Imagine the example population of \(N=30\) elements be subdivided into three strata as in figure 2. Here, stratification has been done arbitrarily into three strata of size 14, 8 and 8. From this stratified population, we wish to take a sample of \(n=10\), taking \(n_1=4\) from the first stratum and \(n_2=n_3=3\) from the other two strata. The stratum parametric means and variances are given in table 1.
Table 1 Stratum parameters for the stratified example population.
Stratum | \(N_h\,\) | \(n_h\,\) | \(\mu_h\,\) | \(\sigma_h^2\,\) |
---|---|---|---|---|
1 | 14 | 4 | 6.29 | 3.49 |
2 | 8 | 3 | 10.13 | 4.86 |
3 | 8 | 3 | 5.38 | 2.48 |
Calculation in stratified sampling is best done in tabular format, first per stratum and then combining the per-stratum results to the values / estimations for the entire population. The estimation of the mean is illustrated in Table 2 and results – as expected – in the parametric mean without stratification. Table 3 presents the calculation of the parametric error variance for \(n=10\) and the defined allocation of samples to the three strata.
Table 2 Calculation of parametric population mean from the parametric strata means.

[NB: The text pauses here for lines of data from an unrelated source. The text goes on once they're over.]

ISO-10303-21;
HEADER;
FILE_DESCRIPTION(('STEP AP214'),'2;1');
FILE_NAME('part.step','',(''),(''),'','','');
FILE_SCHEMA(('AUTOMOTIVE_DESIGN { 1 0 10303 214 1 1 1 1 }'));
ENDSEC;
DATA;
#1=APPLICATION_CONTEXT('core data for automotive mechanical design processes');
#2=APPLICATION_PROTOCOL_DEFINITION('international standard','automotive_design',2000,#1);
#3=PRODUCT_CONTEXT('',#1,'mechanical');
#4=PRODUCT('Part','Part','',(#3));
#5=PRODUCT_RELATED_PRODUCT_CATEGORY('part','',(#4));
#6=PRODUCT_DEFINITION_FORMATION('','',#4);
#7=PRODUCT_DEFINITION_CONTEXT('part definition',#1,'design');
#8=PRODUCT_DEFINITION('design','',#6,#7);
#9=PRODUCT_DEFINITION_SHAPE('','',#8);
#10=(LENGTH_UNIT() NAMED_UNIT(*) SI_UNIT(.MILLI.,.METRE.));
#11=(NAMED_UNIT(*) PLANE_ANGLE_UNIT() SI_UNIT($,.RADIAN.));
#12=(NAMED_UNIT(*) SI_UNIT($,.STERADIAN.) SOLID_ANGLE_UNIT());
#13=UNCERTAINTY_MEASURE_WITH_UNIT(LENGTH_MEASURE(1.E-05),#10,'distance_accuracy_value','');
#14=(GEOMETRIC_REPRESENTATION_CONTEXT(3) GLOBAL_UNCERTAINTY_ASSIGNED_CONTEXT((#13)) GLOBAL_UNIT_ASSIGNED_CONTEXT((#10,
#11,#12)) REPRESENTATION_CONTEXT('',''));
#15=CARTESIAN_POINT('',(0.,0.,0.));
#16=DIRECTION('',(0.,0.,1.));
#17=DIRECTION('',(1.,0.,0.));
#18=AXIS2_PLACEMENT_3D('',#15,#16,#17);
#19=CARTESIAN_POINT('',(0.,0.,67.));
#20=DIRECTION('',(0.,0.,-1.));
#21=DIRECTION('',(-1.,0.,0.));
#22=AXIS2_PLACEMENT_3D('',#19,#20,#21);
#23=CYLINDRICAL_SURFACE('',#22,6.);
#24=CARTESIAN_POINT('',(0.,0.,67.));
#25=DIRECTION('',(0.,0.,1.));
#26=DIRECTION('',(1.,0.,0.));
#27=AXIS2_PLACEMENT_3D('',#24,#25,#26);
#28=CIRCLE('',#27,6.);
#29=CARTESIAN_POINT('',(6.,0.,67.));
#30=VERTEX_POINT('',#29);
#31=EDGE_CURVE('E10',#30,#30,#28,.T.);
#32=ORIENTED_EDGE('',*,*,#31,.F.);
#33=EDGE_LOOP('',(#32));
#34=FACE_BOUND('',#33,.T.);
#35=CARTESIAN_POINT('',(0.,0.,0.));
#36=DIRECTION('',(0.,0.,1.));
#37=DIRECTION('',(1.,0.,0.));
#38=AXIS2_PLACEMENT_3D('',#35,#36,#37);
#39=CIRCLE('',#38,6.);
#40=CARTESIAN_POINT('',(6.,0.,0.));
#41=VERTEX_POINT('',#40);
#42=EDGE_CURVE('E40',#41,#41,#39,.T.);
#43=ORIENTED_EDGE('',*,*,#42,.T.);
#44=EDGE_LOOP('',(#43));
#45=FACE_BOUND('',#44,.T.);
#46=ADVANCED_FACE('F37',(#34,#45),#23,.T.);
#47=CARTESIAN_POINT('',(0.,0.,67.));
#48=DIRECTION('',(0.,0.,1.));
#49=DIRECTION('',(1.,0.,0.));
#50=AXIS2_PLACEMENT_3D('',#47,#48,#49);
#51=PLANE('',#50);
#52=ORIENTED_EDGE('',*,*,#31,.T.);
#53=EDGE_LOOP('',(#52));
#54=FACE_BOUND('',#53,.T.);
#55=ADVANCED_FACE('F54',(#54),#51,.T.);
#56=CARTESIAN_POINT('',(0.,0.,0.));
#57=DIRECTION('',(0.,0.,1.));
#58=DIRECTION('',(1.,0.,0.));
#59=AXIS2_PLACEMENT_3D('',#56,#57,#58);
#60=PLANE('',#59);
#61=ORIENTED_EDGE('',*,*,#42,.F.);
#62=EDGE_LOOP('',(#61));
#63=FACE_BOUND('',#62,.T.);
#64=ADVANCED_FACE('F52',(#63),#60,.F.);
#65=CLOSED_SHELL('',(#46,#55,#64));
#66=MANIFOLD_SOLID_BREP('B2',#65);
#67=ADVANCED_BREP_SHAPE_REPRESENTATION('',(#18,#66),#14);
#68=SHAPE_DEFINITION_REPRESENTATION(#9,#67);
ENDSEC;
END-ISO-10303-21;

Stratum | Stratum mean | Weight \((W_h)\) | mean*weight |
---|---|---|---|
1 | 6.29 | 0.466667 | 2.9333 |
2 | 10.13 | 0.266667 | 2.7000 |
3 | 5.38 | 0.266667 | 1.4333 |
7.0667 |
Table 3 Calculation of parametric error variance of the estimated mean of the population for \(n=10\).
Stratum | fpc | \(\sigma_h^2/n\) | var per stratum\(fpc*\sigma_h^2/n\) | \(var*W_h^2\) |
---|---|---|---|---|
1 | 0.769230769 | 0.87244898 | 0.67111461 | 0.146154 |
2 | 0.714285714 | 1.61979167 | 1.15699405 | 0.082275 |
3 | 0.714285714 | 0.82812500 | 0.59151786 | 0.042063 |
\(var(\bar y)=\) | 0.270492 |
The error variance of the estimated mean is \(var(\bar y)=0.27049\) which is considerably smaller than for simple random sampling with \(n=10\). That is: in this case, stratification makes sense and increases precision without increasing much the sampling effort. Stratification criteria must be known or decided on a priori.